_WORK REQUIRED:_
Your task is to repeat exactly the lines below between the line holding "#40=VERTEX_POINT('',#39);" and the line holding "#47=CARTESIAN_POINT('',(56.6790846194789,3.5,23.2216604576898));", inclusive, and only those.

### RECORDS FOR THIS TASK

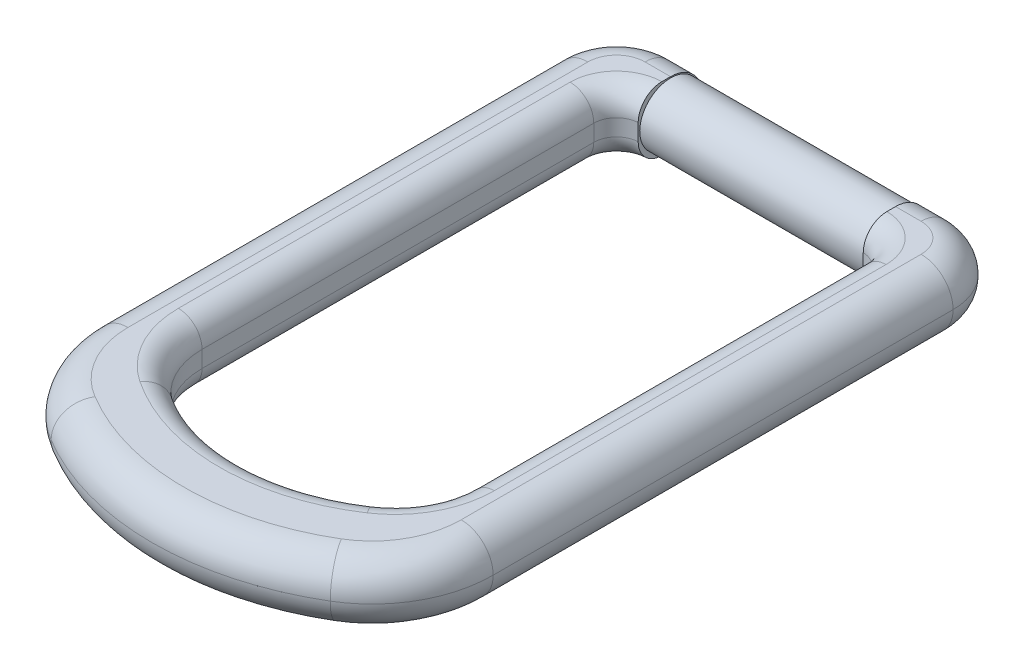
ISO-10303-21;
HEADER;
FILE_DESCRIPTION(('STEP AP214'),'2;1');
FILE_NAME('part.step','',(''),(''),'','','');
FILE_SCHEMA(('AUTOMOTIVE_DESIGN { 1 0 10303 214 1 1 1 1 }'));
ENDSEC;
DATA;
#1=APPLICATION_CONTEXT('core data for automotive mechanical design processes');
#2=APPLICATION_PROTOCOL_DEFINITION('international standard','automotive_design',2000,#1);
#3=PRODUCT_CONTEXT('',#1,'mechanical');
#4=PRODUCT('Part','Part','',(#3));
#5=PRODUCT_RELATED_PRODUCT_CATEGORY('part','',(#4));
#6=PRODUCT_DEFINITION_FORMATION('','',#4);
#7=PRODUCT_DEFINITION_CONTEXT('part definition',#1,'design');
#8=PRODUCT_DEFINITION('design','',#6,#7);
#9=PRODUCT_DEFINITION_SHAPE('','',#8);
#10=(LENGTH_UNIT() NAMED_UNIT(*) SI_UNIT(.MILLI.,.METRE.));
#11=(NAMED_UNIT(*) PLANE_ANGLE_UNIT() SI_UNIT($,.RADIAN.));
#12=(NAMED_UNIT(*) SI_UNIT($,.STERADIAN.) SOLID_ANGLE_UNIT());
#13=UNCERTAINTY_MEASURE_WITH_UNIT(LENGTH_MEASURE(1.E-05),#10,'distance_accuracy_value','');
#14=(GEOMETRIC_REPRESENTATION_CONTEXT(3) GLOBAL_UNCERTAINTY_ASSIGNED_CONTEXT((#13)) GLOBAL_UNIT_ASSIGNED_CONTEXT((#10,
#11,#12)) REPRESENTATION_CONTEXT('',''));
#15=CARTESIAN_POINT('',(0.,0.,0.));
#16=DIRECTION('',(0.,0.,1.));
#17=DIRECTION('',(1.,0.,0.));
#18=AXIS2_PLACEMENT_3D('',#15,#16,#17);
#19=CARTESIAN_POINT('',(47.0995210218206,13.5,23.2216604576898));
#20=DIRECTION('',(0.,-1.,0.));
#21=DIRECTION('',(0.,0.,-1.));
#22=AXIS2_PLACEMENT_3D('',#19,#20,#21);
#23=CYLINDRICAL_SURFACE('',#22,9.57956359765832);
#24=DIRECTION('',(0.,-1.,0.));
#25=VECTOR('',#24,1.);
#26=CARTESIAN_POINT('',(47.5,13.5,13.650471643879));
#27=LINE('',#26,#25);
#28=CARTESIAN_POINT('',(47.5,3.5,13.650471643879));
#29=VERTEX_POINT('',#28);
#30=CARTESIAN_POINT('',(47.5,-3.5,13.650471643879));
#31=VERTEX_POINT('',#30);
#32=EDGE_CURVE('E527',#29,#31,#27,.T.);
#33=ORIENTED_EDGE('',*,*,#32,.T.);
#34=CARTESIAN_POINT('',(47.0995210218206,-3.5,23.2216604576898));
#35=DIRECTION('',(0.,1.,0.));
#36=DIRECTION('',(0.,0.,1.));
#37=AXIS2_PLACEMENT_3D('',#34,#35,#36);
#38=CIRCLE('',#37,9.57956359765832);
#39=CARTESIAN_POINT('',(56.6790846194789,-3.5,23.2216604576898));
#40=VERTEX_POINT('',#39);
#41=EDGE_CURVE('E29',#31,#40,#38,.F.);
#42=ORIENTED_EDGE('',*,*,#41,.T.);
#43=DIRECTION('',(0.,-1.,0.));
#44=VECTOR('',#43,1.);
#45=CARTESIAN_POINT('',(56.6790846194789,13.5,23.2216604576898));
#46=LINE('',#45,#44);
#47=CARTESIAN_POINT('',(56.6790846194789,3.5,23.2216604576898));
#48=VERTEX_POINT('',#47);
#49=EDGE_CURVE('E525',#48,#40,#46,.T.);
#50=ORIENTED_EDGE('',*,*,#49,.F.);
#51=CARTESIAN_POINT('',(47.0995210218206,3.5,23.2216604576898));
#52=DIRECTION('',(0.,1.,0.));
#53=DIRECTION('',(0.,0.,1.));
#54=AXIS2_PLACEMENT_3D('',#51,#52,#53);
#55=CIRCLE('',#54,9.57956359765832);
#56=EDGE_CURVE('E595',#48,#29,#55,.T.);
#57=ORIENTED_EDGE('',*,*,#56,.T.);
#58=EDGE_LOOP('',(#33,#42,#50,#57));
#59=FACE_BOUND('',#58,.T.);
#60=ADVANCED_FACE('F14',(#59),#23,.F.);
#61=CARTESIAN_POINT('',(56.6790846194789,13.5,23.2216604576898));
#62=DIRECTION('',(1.,0.,0.));
#63=DIRECTION('',(0.,0.,-1.));
#64=AXIS2_PLACEMENT_3D('',#61,#62,#63);
#65=PLANE('',#64);
#66=ORIENTED_EDGE('',*,*,#49,.T.);
#67=DIRECTION('',(0.,0.,1.));
#68=VECTOR('',#67,1.);
#69=CARTESIAN_POINT('',(56.6790846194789,-3.5,23.2216604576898));
#70=LINE('',#69,#68);
#71=CARTESIAN_POINT('',(56.6790846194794,-3.5,188.577776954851));
#72=VERTEX_POINT('',#71);
#73=EDGE_CURVE('E36',#40,#72,#70,.T.);
#74=ORIENTED_EDGE('',*,*,#73,.T.);
#75=DIRECTION('',(0.,-1.,0.));
#76=VECTOR('',#75,1.);
#77=CARTESIAN_POINT('',(56.6790846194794,13.5,188.577776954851));
#78=LINE('',#77,#76);
#79=CARTESIAN_POINT('',(56.6790846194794,3.5,188.577776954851));
#80=VERTEX_POINT('',#79);
#81=EDGE_CURVE('E523',#80,#72,#78,.T.);
#82=ORIENTED_EDGE('',*,*,#81,.F.);
#83=DIRECTION('',(0.,0.,1.));
#84=VECTOR('',#83,1.);
#85=CARTESIAN_POINT('',(56.6790846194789,3.5,23.2216604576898));
#86=LINE('',#85,#84);
#87=EDGE_CURVE('E598',#80,#48,#86,.F.);
#88=ORIENTED_EDGE('',*,*,#87,.T.);
#89=EDGE_LOOP('',(#66,#74,#82,#88));
#90=FACE_BOUND('',#89,.T.);
#91=ADVANCED_FACE('F366',(#90),#65,.F.);
#92=CARTESIAN_POINT('',(24.7472059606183,13.5,188.577776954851));
#93=DIRECTION('',(0.,-1.,0.));
#94=DIRECTION('',(0.,0.,-1.));
#95=AXIS2_PLACEMENT_3D('',#92,#93,#94);
#96=CYLINDRICAL_SURFACE('',#95,31.9318786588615);
#97=ORIENTED_EDGE('',*,*,#81,.T.);
#98=CARTESIAN_POINT('',(24.7472059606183,-3.5,188.577776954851));
#99=DIRECTION('',(0.,1.,0.));
#100=DIRECTION('',(0.,0.,1.));
#101=AXIS2_PLACEMENT_3D('',#98,#99,#100);
#102=CIRCLE('',#101,31.9318786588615);
#103=CARTESIAN_POINT('',(42.4237816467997,-3.5,215.170699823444));
#104=VERTEX_POINT('',#103);
#105=EDGE_CURVE('E258',#72,#104,#102,.F.);
#106=ORIENTED_EDGE('',*,*,#105,.T.);
#107=DIRECTION('',(0.,-1.,0.));
#108=VECTOR('',#107,1.);
#109=CARTESIAN_POINT('',(42.4237816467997,13.5,215.170699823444));
#110=LINE('',#109,#108);
#111=CARTESIAN_POINT('',(42.4237816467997,3.5,215.170699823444));
#112=VERTEX_POINT('',#111);
#113=EDGE_CURVE('E520',#112,#104,#110,.T.);
#114=ORIENTED_EDGE('',*,*,#113,.F.);
#115=CARTESIAN_POINT('',(24.7472059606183,3.5,188.577776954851));
#116=DIRECTION('',(0.,1.,0.));
#117=DIRECTION('',(0.,0.,1.));
#118=AXIS2_PLACEMENT_3D('',#115,#116,#117);
#119=CIRCLE('',#118,31.9318786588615);
#120=EDGE_CURVE('E463',#112,#80,#119,.T.);
#121=ORIENTED_EDGE('',*,*,#120,.T.);
#122=EDGE_LOOP('',(#97,#106,#114,#121));
#123=FACE_BOUND('',#122,.T.);
#124=ADVANCED_FACE('F369',(#123),#96,.F.);
#125=CARTESIAN_POINT('',(8.60422844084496E-13,13.5,151.347684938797));
#126=DIRECTION('',(0.,-1.,0.));
#127=DIRECTION('',(0.,0.,-1.));
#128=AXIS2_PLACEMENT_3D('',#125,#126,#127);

######

_TASK ANSWER:_
#40=VERTEX_POINT('',#39);
#41=EDGE_CURVE('E29',#31,#40,#38,.F.);
#42=ORIENTED_EDGE('',*,*,#41,.T.);
#43=DIRECTION('',(0.,-1.,0.));
#44=VECTOR('',#43,1.);
#45=CARTESIAN_POINT('',(56.6790846194789,13.5,23.2216604576898));
#46=LINE('',#45,#44);
#47=CARTESIAN_POINT('',(56.6790846194789,3.5,23.2216604576898));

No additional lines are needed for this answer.